# Kitchen stack---no go with 100



## RunRiser (Jun 9, 2010)

Well I borrowed a Spartan 100 with 3/8" cable for a kitchen stack on Tuesday entered thru 2" TestTee in basement and got about 8' feet and that was it. Had to call my Drain Cleaner buddy and he went out today and opened it with a Milwaukke drill and J cable.
Every time I use him that is his go to tool.
I borrowed the 100 to see if it was the machine for me after selling GW Mini Rooter. 
My D.C. buddy told me that their shop has a couple of the 100's and they just don't have enough a** to open a solid kitchen stack.
Thoughts guys ?


----------



## sheeptown44 (Oct 31, 2010)

RUNRISER, just a thought umm you better post an introduction or the dogs are gonna bite ya . just sayin peace


----------



## easttexasplumb (Oct 13, 2010)

sheeptown44 said:


> RUNRISER, just a thought umm you better post an introduction or the dogs are gonna bite ya . just sayin peace


You mean some of these.


----------



## sheeptown44 (Oct 31, 2010)

brandy gail is that you! woof woof !!!!!


----------



## Bill (Jun 17, 2008)

Dont sound to me like you are a plumber nor a drain cleaner.
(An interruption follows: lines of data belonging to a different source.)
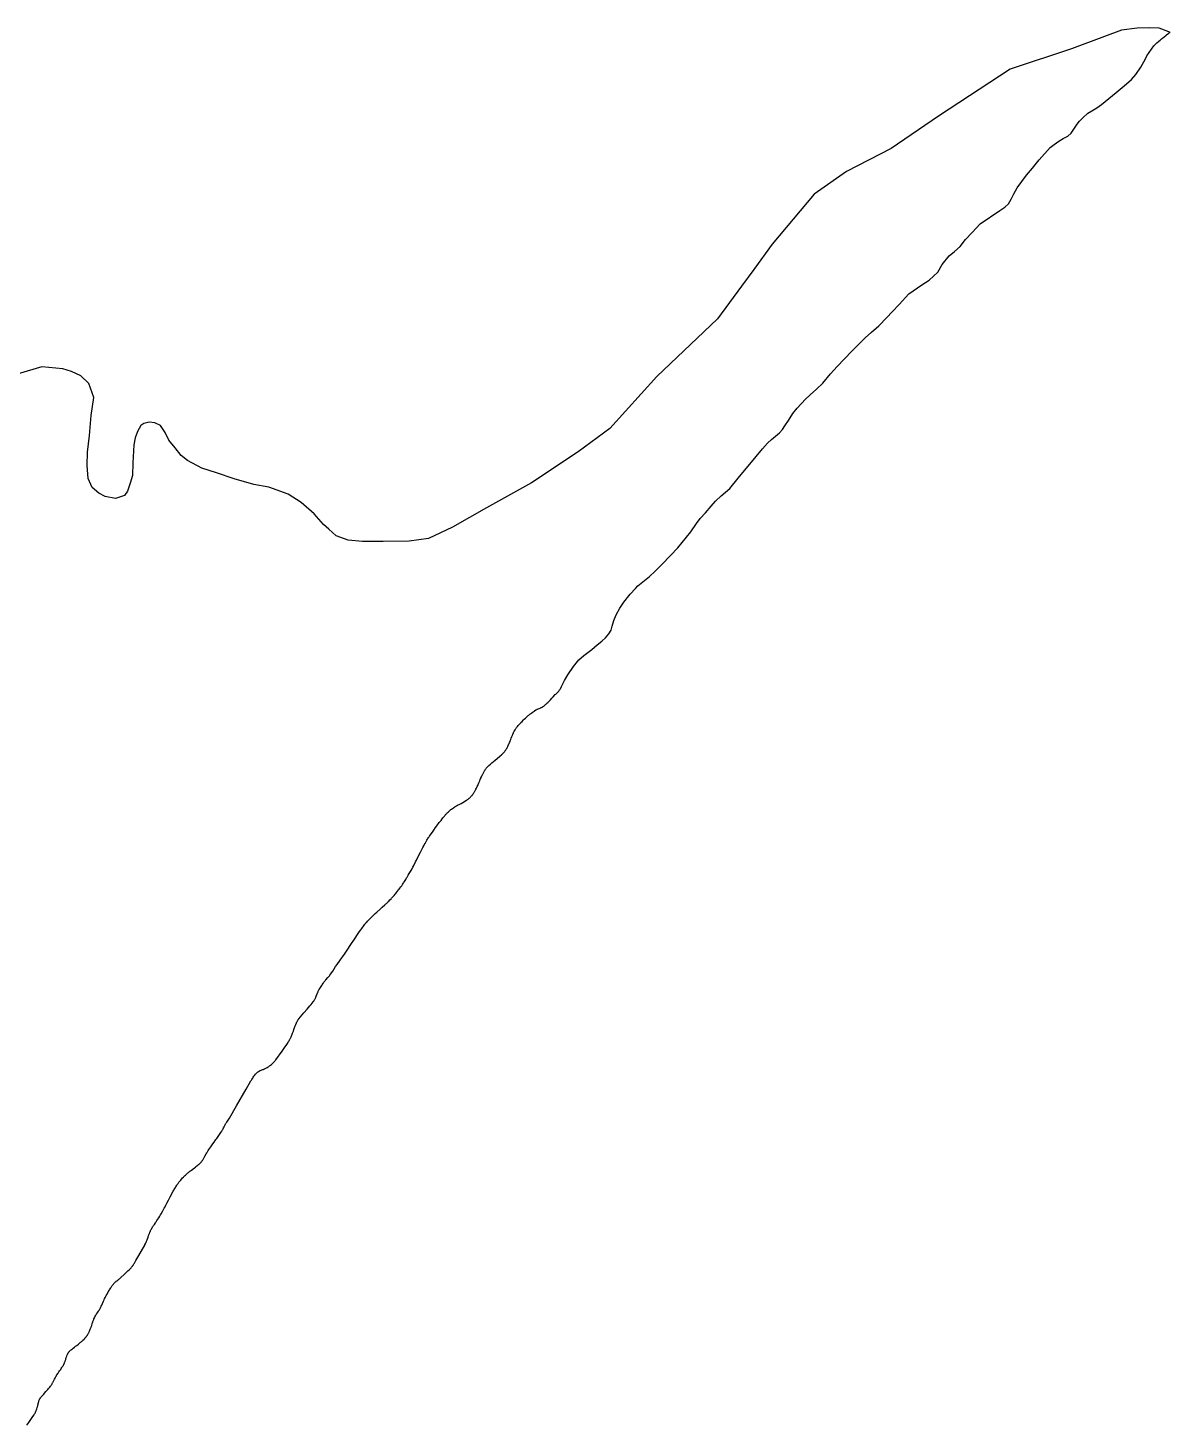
# Model space of a CAD drawing. Header units: millimetres. Extents: x 642261 to 742091, y 6812581 to 6930561.
# Drawn here: x 734439 to 737496, y 6907319 to 6911060 of the extents above; entities that cross this region are included whole.
import ezdxf

# ---------------------------------------------------------------- set-up
doc = ezdxf.new("R2010")
doc.units = ezdxf.units.MM
doc.layers.add('LimiteAreaMunicipio', color=10, linetype='Continuous')
doc.layers.add('LimiteRegional', color=10, linetype='Continuous')

# ---------------------------------------------------------------- blocks, each defined once
blk = doc.blocks.new('compartilhadora_AUTOCAD_OD_1_FMEBLOCK1')
at = {"layer": 'LimiteAreaMunicipio', "color": 7, "linetype": 'Continuous'}
blk.add_lwpolyline([(9904.83495, 440.69265), (9909.96095, 447.80765), (9913.77795, 453.16965), (9920.88595, 463.29575), (9924.42595, 468.37175), (9924.86495, 469.01775), (9925.69795, 470.33585), (9926.47895, 471.68365), (9926.97295, 472.59865), (9927.89995, 474.46075), (9928.54895, 475.88375), (9928.96095, 476.84275), (9929.74595, 478.78275), (9930.12095, 479.76175), (9930.84095, 481.73155), (9931.53195, 483.71265), (9932.86795, 487.68075), (9933.32695, 489.18075), (9933.59295, 490.19065), (9934.05495, 492.22965), (9934.46195, 494.28175), (9934.99695, 497.02065), (9935.29195, 498.38465), (9935.62395, 499.74075), (9935.80795, 500.41355), (9936.11095, 501.41865), (9937.00595, 504.18775), (9937.47595, 505.56965), (9938.23695, 507.62065), (9938.79695, 508.96165), (9939.09595, 509.62165), (9939.57195, 510.59565), (9940.26495, 511.86075), (9940.63895, 512.47675), (9941.23795, 513.37675), (9941.88595, 514.24665), (9942.22995, 514.66865), (9943.36095, 515.99375), (9945.66595, 518.58565), (9950.33495, 523.67165), (9952.63995, 526.24465), (9956.16695, 530.23265), (9960.87095, 535.54765), (9963.19495, 538.23075), (9965.48395, 540.94665), (9966.61095, 542.32065), (9968.27595, 544.40565), (9969.00595, 545.36165), (9969.47895, 546.00675), (9970.39395, 547.31865), (9970.83695, 547.98365), (9971.69695, 549.33175), (9972.52395, 550.69965), (9973.05995, 551.62165), (9974.09695, 553.48865), (9974.84995, 554.90465), (9976.30795, 557.76675), (9979.13895, 563.54365), (9980.57095, 566.41965), (9982.05495, 569.25965), (9982.82595, 570.66065), (9984.02895, 572.73165), (9984.73295, 573.88465), (9986.18095, 576.16985), (9987.67295, 578.42965), (9988.68695, 579.92575), (9990.74895, 582.89875), (9992.83795, 585.85875), (9995.62195, 589.80775), (9996.99795, 591.79265), (9999.02295, 594.79365), (10000.01195, 596.30975), (10001.29895, 598.34865), (10001.92695, 599.37775), (10002.84695, 600.93375), (10004.17295, 603.30165), (10004.53095, 603.98475), (10005.19505, 605.37375), (10005.79895, 606.78765), (10006.17295, 607.74385), (10006.86295, 609.67865), (10007.18495, 610.65575), (10007.79895, 612.62465), (10008.98095, 616.58585), (10009.59485, 618.55965), (10010.25495, 620.51675), (10010.60895, 621.48675), (10011.17795, 622.92565), (10012.09795, 625.23465), (10013.29795, 628.33975), (10013.92795, 629.87765), (10014.59995, 631.39165), (10014.95795, 632.13575), (10015.52895, 633.23275), (10016.07495, 634.18365), (10016.36295, 634.64965), (10016.81695, 635.33565), (10017.54995, 636.33275), (10018.35295, 637.28675), (10018.78295, 637.74665), (10020.35895, 639.31665), (10021.43095, 640.32565), (10022.15395, 640.98365), (10023.61695, 642.26765), (10024.72795, 643.20775), (10026.97895, 645.03965), (10029.25595, 646.83165), (10032.31395, 649.20365), (10033.84295, 650.40075), (10035.42795, 651.63775), (10038.61495, 654.08465), (10042.87295, 657.33175), (10044.99195, 658.96965), (10048.14095, 661.46965), (10049.32695, 662.45565), (10050.10395, 663.12765), (10051.62895, 664.49965), (10052.37895, 665.19975), (10053.85995, 666.62165), (10055.31995, 668.06965), (10058.20995, 671.01865), (10059.83395, 672.71665), (10060.63195, 673.57365), (10061.80895, 674.87475), (10063.52395, 676.86275), (10064.62995, 678.21765), (10065.16995, 678.90575), (10065.96395, 679.95165), (10066.98895, 681.37565), (10067.48695, 682.10075), (10068.21395, 683.20565), (10069.25795, 684.90565), (10070.31095, 686.77065), (10070.97595, 688.02665), (10071.40395, 688.86865), (10072.22595, 690.56465), (10072.81495, 691.84675), (10073.93195, 694.43275), (10074.97795, 697.04575), (10075.64595, 698.80175), (10076.92895, 702.33965), (10077.51695, 704.07675), (10077.88495, 705.24165), (10078.58095, 707.58275), (10079.92195, 712.27765), (10080.62695, 714.61475), (10081.39495, 716.93265), (10081.81195, 718.08165), (10082.54295, 719.97575), (10083.04695, 721.23065), (10084.09495, 723.72365), (10084.63895, 724.96075), (10085.76695, 727.41665), (10086.94795, 729.84875), (10087.76295, 731.45765), (10088.31895, 732.52465), (10089.46095, 734.64465), (10089.82195, 735.28775), (10090.57395, 736.55575), (10091.35895, 737.80265), (10091.89795, 738.62465), (10093.00295, 740.24975), (10094.70095, 742.66165), (10096.95495, 745.87865), (10098.04295, 747.50975), (10099.08295, 749.16765), (10099.57995, 750.01065), (10100.29095, 751.29565), (10100.89295, 752.44375), (10102.06795, 754.75375), (10103.20795, 757.08275), (10103.95195, 758.64365), (10105.40895, 761.78175), (10107.54695, 766.51465), (10110.38695, 772.83375), (10111.83595, 775.97965), (10113.32395, 779.10575), (10114.08795, 780.65975), (10115.26295, 782.97575), (10116.74595, 785.80765), (10117.74795, 787.68765), (10119.78295, 791.42665), (10120.81595, 793.28665), (10122.91595, 796.99065), (10125.05995, 800.67365), (10126.51495, 803.11865), (10129.48595, 807.98865), (10130.82505, 810.10265), (10131.51195, 811.14765), (10132.56395, 812.69775), (10133.64595, 814.22465), (10134.19995, 814.97865), (10135.33495, 816.46465), (10135.91595, 817.19565), (10136.80795, 818.27775), (10138.03395, 819.68875), (10138.66395, 820.37965), (10139.63195, 821.39865), (10141.13695, 822.88165), (10141.65505, 823.36375), (10142.70995, 824.30275), (10143.78795, 825.21265), (10144.51595, 825.80465), (10145.99195, 826.96365), (10148.23395, 828.66265), (10151.22395, 830.91965), (10152.69695, 832.07355), (10154.14095, 833.26175), (10154.84895, 833.87265), (10155.88995, 834.81475), (10166.99295, 845.21565), (10175.39895, 853.17765), (10179.57995, 857.18765), (10180.93195, 858.51965), (10181.59695, 859.19765), (10182.58195, 860.22965), (10184.02695, 861.80765), (10185.43095, 863.42375), (10186.11705, 864.24575), (10187.45705, 865.91565), (10188.10895, 866.76365), (10189.06595, 868.05265), (10190.29795, 869.79965), (10190.89595, 870.68675), (10191.76695, 872.03065), (10193.01595, 874.08165), (10196.97295, 880.87275), (10204.80895, 894.49165), (10214.71195, 911.82765), (10219.63595, 920.50975), (10220.56995, 922.21265), (10221.16895, 923.36075), (10222.31495, 925.68165), (10222.86295, 926.85365), (10223.91695, 929.22065), (10224.92095, 931.61175), (10225.56595, 933.21775), (10226.80995, 936.45375), (10227.71195, 938.89565), (10229.47295, 943.80065), (10231.03395, 948.16265), (10231.82895, 950.33665), (10233.05495, 953.57975), (10234.33995, 956.79475), (10235.00995, 958.38775), (10235.93895, 960.49365), (10236.41895, 961.53865), (10237.16295, 963.09475), (10238.33505, 965.40165), (10239.58195, 967.66975), (10240.23495, 968.78975), (10241.60295, 970.99065), (10242.55195, 972.43375), (10243.19895, 973.38665), (10244.51795, 975.27565), (10246.53895, 978.08165), (10249.24695, 981.81365), (10250.57895, 983.69475), (10251.87995, 985.59465), (10252.51395, 986.55565), (10253.44195, 988.01165), (10258.33395, 995.88565), (10260.75295, 999.84065), (10263.13195, 1003.82075), (10264.30195, 1005.82365), (10268.22495, 1012.62565), (10270.16595, 1016.03675), (10273.03095, 1021.17775), (10274.89995, 1024.62765), (10275.81895, 1026.36075), (10277.17695, 1028.97275), (10280.08595, 1034.72165), (10283.92295, 1042.40765), (10285.85495, 1046.24365), (10288.77295, 1051.96165), (10294.67395, 1063.36665), (10295.84795, 1065.57165), (10296.64995, 1067.02975), (10298.29795, 1069.91965), (10299.14295, 1071.35365), (10300.86995, 1074.19975), (10302.64095, 1077.02275), (10303.84395, 1078.89365), (10306.29295, 1082.61665), (10307.88395, 1084.94675), (10308.97095, 1086.47675), (10309.70695, 1087.48665), (10311.20495, 1089.48575), (10312.35095, 1090.96775), (10314.69595, 1093.88675), (10317.10795, 1096.75665), (10318.75095, 1098.64475), (10319.86095, 1099.89475), (10322.11395, 1102.37275), (10324.27995, 1104.68665), (10325.37395, 1105.82965), (10327.02995, 1107.52365), (10329.54895, 1110.02165), (10332.11495, 1112.46665), (10333.41695, 1113.66975), (10336.05895, 1116.03165), (10337.40095, 1117.19265), (10339.44195, 1118.90665), (10341.41695, 1120.49375), (10342.75295, 1121.52565), (10345.45695, 1123.54175), (10353.66595, 1129.45965), (10356.36995, 1131.48175), (10357.70495, 1132.51865), (10362.34895, 1136.15465), (10364.63895, 1138.00775), (10366.13495, 1139.27685), (10366.87205, 1139.92465), (10367.95795, 1140.91465), (10369.36685, 1142.27875), (10370.05295, 1142.98065), (10371.05495, 1144.06265), (10372.02295, 1145.18265), (10372.49195, 1145.75765), (10373.31095, 1146.80475), (10373.84195, 1147.51065), (10374.87195, 1148.94165), (10375.37195, 1149.66675), (10376.34495, 1151.13175), (10377.28595, 1152.61665), (10377.89595, 1153.61565), (10379.08395, 1155.63365), (10379.95095, 1157.16075), (10381.63895, 1160.24065), (10384.95395, 1166.43075), (10386.64695, 1169.50075), (10387.81095, 1171.52365), (10388.40795, 1172.52665), (10389.32495, 1174.01675), (10390.75595, 1176.21575), (10392.05395, 1178.12775), (10394.67795, 1181.93465), (10397.33495, 1185.72165), (10402.71595, 1193.25865), (10406.32995, 1198.26975), (10411.14795, 1204.95275), (10413.54395, 1208.30265), (10417.10895, 1213.34675), (10418.87395, 1215.87965), (10422.35595, 1220.97665), (10424.06995, 1223.54175), (10426.59895, 1227.41565), (10427.19795, 1228.36165), (10428.35795, 1230.27965), (10429.47395, 1232.22465), (10430.19795, 1233.53375), (10431.61195, 1236.17265), (10432.99995, 1238.82975), (10434.84595, 1242.37365), (10435.78295, 1244.13665), (10437.22395, 1246.75865), (10437.96595, 1248.05675), (10438.98595, 1249.76675), (10439.50995, 1250.61365), (10440.31595, 1251.86965), (10447.48405, 1262.07265), (10466.67985, 1295.43265), (10492.27395, 1339.91165), (10505.07095, 1362.15065), (10506.26395, 1364.18365), (10507.07595, 1365.52475), (10508.74395, 1368.17865), (10509.59795, 1369.49165), (10511.34695, 1372.09665), (10513.14995, 1374.67465), (10514.38195, 1376.38275), (10516.91395, 1379.77765), (10517.89195, 1380.98865), (10518.57895, 1381.76265), (10519.05095, 1382.26275), (10520.02795, 1383.22965), (10520.78795, 1383.92475), (10521.30695, 1384.37465), (10522.37295, 1385.24175), (10522.91995, 1385.65965), (10524.03695, 1386.46475), (10525.18595, 1387.22965), (10525.96695, 1387.71865), (10527.56195, 1388.64675), (10528.04395, 1388.90575), (10529.01995, 1389.38965), (10530.01195, 1389.83275), (10530.67995, 1390.10975), (10532.02895, 1390.62665), (10534.07395, 1391.34465), (10536.80195, 1392.28665), (10538.15195, 1392.78975), (10539.48395, 1393.33565), (10540.13995, 1393.63175), (10541.11095, 1394.10765), (10544.52795, 1395.90265), (10546.22095, 1396.82165), (10548.73495, 1398.24165), (10551.21095, 1399.73065), (10552.43295, 1400.50665), (10554.04195, 1401.57965), (10554.83695, 1402.13465), (10556.01795, 1402.99075), (10557.76095, 1404.33665), (10559.77095, 1405.98975), (10560.75595, 1406.83175), (10562.20695, 1408.11675), (10563.62285, 1409.43075), (10564.31695, 1410.09865), (10565.67495, 1411.46065), (10566.33795, 1412.15475), (10567.31295, 1413.21255), (10568.57195, 1414.65665), (10569.18295, 1415.39465), (10570.07695, 1416.52075), (10571.36195, 1418.25665), (10588.15195, 1442.10565), (10593.56395, 1449.71375), (10600.78895, 1459.85355), (10604.37995, 1464.94365), (10604.89495, 1465.69175), (10605.88495, 1467.21065), (10606.82695, 1468.75865), (10607.42995, 1469.80565), (10608.58395, 1471.93075), (10609.40895, 1473.54855), (10609.94195, 1474.63665), (10610.97395, 1476.83275), (10612.45595, 1480.16165), (10615.31795, 1486.86065), (10616.50195, 1489.73465), (10617.24895, 1491.66565), (10618.66995, 1495.55375), (10620.03495, 1499.46375), (10621.84995, 1504.67865), (10622.03055, 1505.17895), (10622.78795, 1507.27665), (10623.76495, 1509.86065), (10624.27295, 1511.14685), (10625.06395, 1513.06475), (10627.02795, 1517.68065), (10628.06695, 1519.96575), (10628.80195, 1521.46365), (10629.18595, 1522.20375), (10629.78495, 1523.29775), (10630.63395, 1524.72365), (10631.08195, 1525.42085), (10631.78695, 1526.44355), (10632.53495, 1527.43665), (10632.92595, 1527.92165), (10637.57395, 1533.49475), (10646.92895, 1544.57065), (10655.09595, 1554.16355), (10662.37195, 1562.67665), (10665.99695, 1566.94575), (10671.39995, 1573.38265), (10672.24795, 1574.44365), (10672.78795, 1575.16775), (10673.81295, 1576.64865), (10674.29895, 1577.40675), (10675.22395, 1578.95075), (10676.09195, 1580.53175), (10676.64195, 1581.60375), (10677.68295, 1583.78475), (10678.42195, 1585.44875), (10678.89695, 1586.56765), (10679.81795, 1588.82675), (10682.49295, 1595.66875), (10683.41195, 1597.93565), (10683.88595, 1599.06075), (10684.87395, 1601.28775), (10685.39195, 1602.38665), (10686.20395, 1604.01465), (10687.06695, 1605.61165), (10687.51895, 1606.39775), (10690.88795, 1612.07065), (10692.60895, 1614.88665), (10694.36895, 1617.67765), (10695.26695, 1619.06275), (10697.10395, 1621.80465), (10698.04595, 1623.16075), (10699.49295, 1625.17365), (10700.13595, 1626.03675), (10701.45395, 1627.73765), (10702.80695, 1629.40865), (10703.72595, 1630.51075), (10705.59095, 1632.68955), (10711.25095, 1639.16975), (10713.09995, 1641.35665), (10714.00595, 1642.46375), (10715.77395, 1644.71165), (10716.62995, 1645.85775), (10717.87395, 1647.60665), (10723.80395, 1656.31965), (10731.67395, 1667.96275), (10735.64195, 1673.76065), (10743.96695, 1685.80165), (10755.07195, 1701.85365), (10760.60795, 1709.88965), (10763.93895, 1714.75265), (10770.56495, 1724.50465), (10783.75295, 1744.05065), (10790.36095, 1753.81565), (10796.04795, 1762.19275), (10798.91395, 1766.36375), (10801.81595, 1770.51165), (10803.28495, 1772.57275), (10806.27195, 1776.66575), (10807.79305, 1778.69465), (10810.11495, 1781.71265), (10810.83095, 1782.61575), (10812.29195, 1784.39465), (10813.78895, 1786.13965), (10814.80595, 1787.28665), (10816.87995, 1789.54265), (10818.46495, 1791.20565), (10819.53495, 1792.30265), (10821.69995, 1794.47375), (10824.99395, 1797.68465), (10831.64895, 1804.03965), (10837.91295, 1810.01765), (10842.10095, 1813.98675), (10850.50795, 1821.89165), (10852.37895, 1823.62285), (10856.16195, 1827.04065), (10863.77095, 1833.83065), (10866.28495, 1836.12565), (10867.53195, 1837.28465), (10870.36795, 1839.97465), (10871.77395, 1841.33275), (10873.86595, 1843.38575), (10876.96895, 1846.50165), (10880.02695, 1849.66065), (10881.53895, 1851.25675), (10884.52795, 1854.48275), (10886.00495, 1856.11065), (10888.19695, 1858.57465), (10891.07695, 1861.89765), (10892.49695, 1863.57565), (10894.60495, 1866.11175), (10897.70995, 1869.96275), (10900.41395, 1873.43075), (10901.74495, 1875.18175), (10903.71595, 1877.82665), (10906.61305, 1881.84075), (10908.50395, 1884.54665), (10909.43595, 1885.90865), (10910.81995, 1887.96265), (10912.61795, 1890.68275), (10913.80295, 1892.50265), (10916.14395, 1896.15575), (10919.58995, 1901.66665), (10921.85195, 1905.36275), (10923.34595, 1907.83465), (10926.30995, 1912.79965), (10928.80495, 1916.97165), (10932.12795, 1922.53155), (10933.76095, 1925.32775), (10935.35595, 1928.14465), (10936.13695, 1929.56375), (10937.27995, 1931.70665), (10938.52695, 1934.11165), (10940.97395, 1938.94165), (10945.79095, 1948.64075), (10948.21995, 1953.48075), (10953.83595, 1964.62965), (10958.81995, 1974.54165), (10961.32995, 1979.48875), (10965.13995, 1986.88765), (10967.72195, 1991.80065), (10969.02895, 1994.24965), (10971.01095, 1997.91285), (10974.04095, 2003.38165), (10974.70995, 2004.55565), (10976.08495, 2006.88065), (10977.50195, 2009.17765), (10978.46995, 2010.69475), (10980.44995, 2013.69875), (10981.97095, 2015.92875), (10982.99895, 2017.40565), (10985.08195, 2020.34265), (10988.25395, 2024.71665), (10992.51395, 2030.52665), (10994.63195, 2033.43865), (10999.50295, 2040.15465), (11002.76295, 2044.62175), (11009.31395, 2053.53575), (11010.80095, 2055.53865), (11013.80495, 2059.52165), (11016.84395, 2063.47665), (11018.88805, 2066.10065), (11023.01695, 2071.32765), (11024.46695, 2073.09865), (11025.45695, 2074.25675), (11026.12795, 2075.01965), (11027.49295, 2076.52165), (11028.53795, 2077.62975), (11030.67795, 2079.79775), (11032.88295, 2081.90865), (11034.38695, 2083.28575), (11035.40395, 2084.19075), (11037.47095, 2085.97465), (11039.49995, 2087.65775), (11040.52495, 2088.48275), (11042.07495, 2089.69765), (11044.43195, 2091.46875), (11046.83095, 2093.17365), (11048.04795, 2094.00065), (11050.51695, 2095.59775), (11051.77095, 2096.36865), (11053.67695, 2097.48765), (11055.20395, 2098.35065), (11058.27295, 2100.04675), (11064.42705, 2103.39865), (11067.48895, 2105.10285), (11071.81495, 2107.57075), (11073.96995, 2108.81775), (11077.19195, 2110.70675), (11082.00895, 2113.58565), (11083.47595, 2114.51065), (11084.43295, 2115.15465), (11085.06195, 2115.59575), (11086.29895, 2116.50375), (11087.21095, 2117.20875), (11088.99295, 2118.67465), (11090.72795, 2120.21065), (11091.86095, 2121.27165), (11092.60595, 2121.99475), (11094.07795, 2123.47465), (11095.46195, 2124.94875), (11096.35095, 2125.95065), (11096.92995, 2126.62675), (11098.05495, 2128.00075), (11098.87195, 2129.04785), (11099.40295, 2129.75375), (11100.43695, 2131.18575), (11100.93995, 2131.91175), (11101.91995, 2133.38065), (11102.86595, 2134.87475), (11103.47895, 2135.88375), (11104.66595, 2137.93265), (11105.56795, 2139.56965), (11106.15495, 2140.66765), (11107.29595, 2142.87565), (11108.93695, 2146.21965), (11109.98895, 2148.46575), (11110.67595, 2149.96965), (11112.01895, 2152.99065), (11113.00605, 2155.26465), (11114.94495, 2159.82765), (11117.51795, 2165.91665), (11118.82395, 2168.95165), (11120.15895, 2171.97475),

Please do an intro so we can see who we are talking to


----------



## affordabledrain (Nov 24, 2009)

Drain Cleaning is an art.


----------



## oaklandplumber (May 10, 2009)

RunRiser said:


> Well I borrowed a Spartan 100 with 3/8" cable for a kitchen stack on Tuesday entered thru 2" TestTee in basement and got about 8' feet and that was it. Had to call my Drain Cleaner buddy and he went out today and opened it with a Milwaukke drill and J cable.
> Every time I use him that is his go to tool.
> I borrowed the 100 to see if it was the machine for me after selling GW Mini Rooter.
> My D.C. buddy told me that their shop has a couple of the 100's and they just don't have enough a** to open a solid kitchen stack.
> Thoughts guys ?


 the 100 might not have enough balls on some k/s clogs but it all depends on the type of blockage for some you may need to jet and the 100 might work for others, the best way to tell if the 100 gona work is to know your blockage,a little trick on how to tell the what type of blockage you got is to taste the standing water in the san tee or sink just take your fingers and put em in the water and take a taste if there is a sharp tangy kind of taste with a little bitterness at the end (kind of in back of your throat)the 100 with the 3/8'' will be good, but if theres a greasy, sour kind of taste with a slight hint of cinnamon or nutmeg i would go with a jetter. hope that helps


----------



## oaklandplumber (May 10, 2009)

oaklandplumber said:


> the 100 might not have enough balls on some k/s clogs but it all depends on the type of blockage for some you may need to jet and the 100 might work for others, the best way to tell if the 100 gona work is to know your blockage,a little trick on how to tell the what type of blockage you got is to taste the standing water in the san tee or sink just take your fingers and put em in the water and take a taste if there is a sharp tangy kind of taste with a little bitterness at the end (kind of in back of your throat)the 100 with the 3/8'' will be good, but if theres a greasy, sour kind of taste with a slight hint of cinnamon or nutmeg i would go with a jetter. hope that helps


 the taste test works on mainline blockages too!


----------



## rocksteady (Oct 8, 2008)

There's nothing wrong with a Spartan 100 when it comes to k/s stoppages. I'm going to go with operator error.






Paul


----------



## AssTyme (May 15, 2010)

rocksteady said:


> There's nothing wrong with a Spartan 100 when it comes to k/s stoppages. I'm going to go with operator error.
> Paul




What he said^^^^^^^^^^^


----------



## oaklandplumber (May 10, 2009)

i still think he should go with the taste test first


----------



## 1703 (Jul 21, 2009)

Drain cleaning=10% macnine, 90% operator.


----------



## SewerRatz (Apr 25, 2009)

I agree with rocksteady.


----------



## sheeptown44 (Oct 31, 2010)

I allways take a sample taste out of the trap, I then compare that to the one I get out of the basement clean out and cross reference the taste to determine which machine to use, really crappy taste + corn = sewer machine , really nasty greasey taste + corn = sink machine, pretty simple. thats how the pros roll .


----------



## Redwood (Sep 8, 2008)

I have found the taste test to be nearly 100% accurate....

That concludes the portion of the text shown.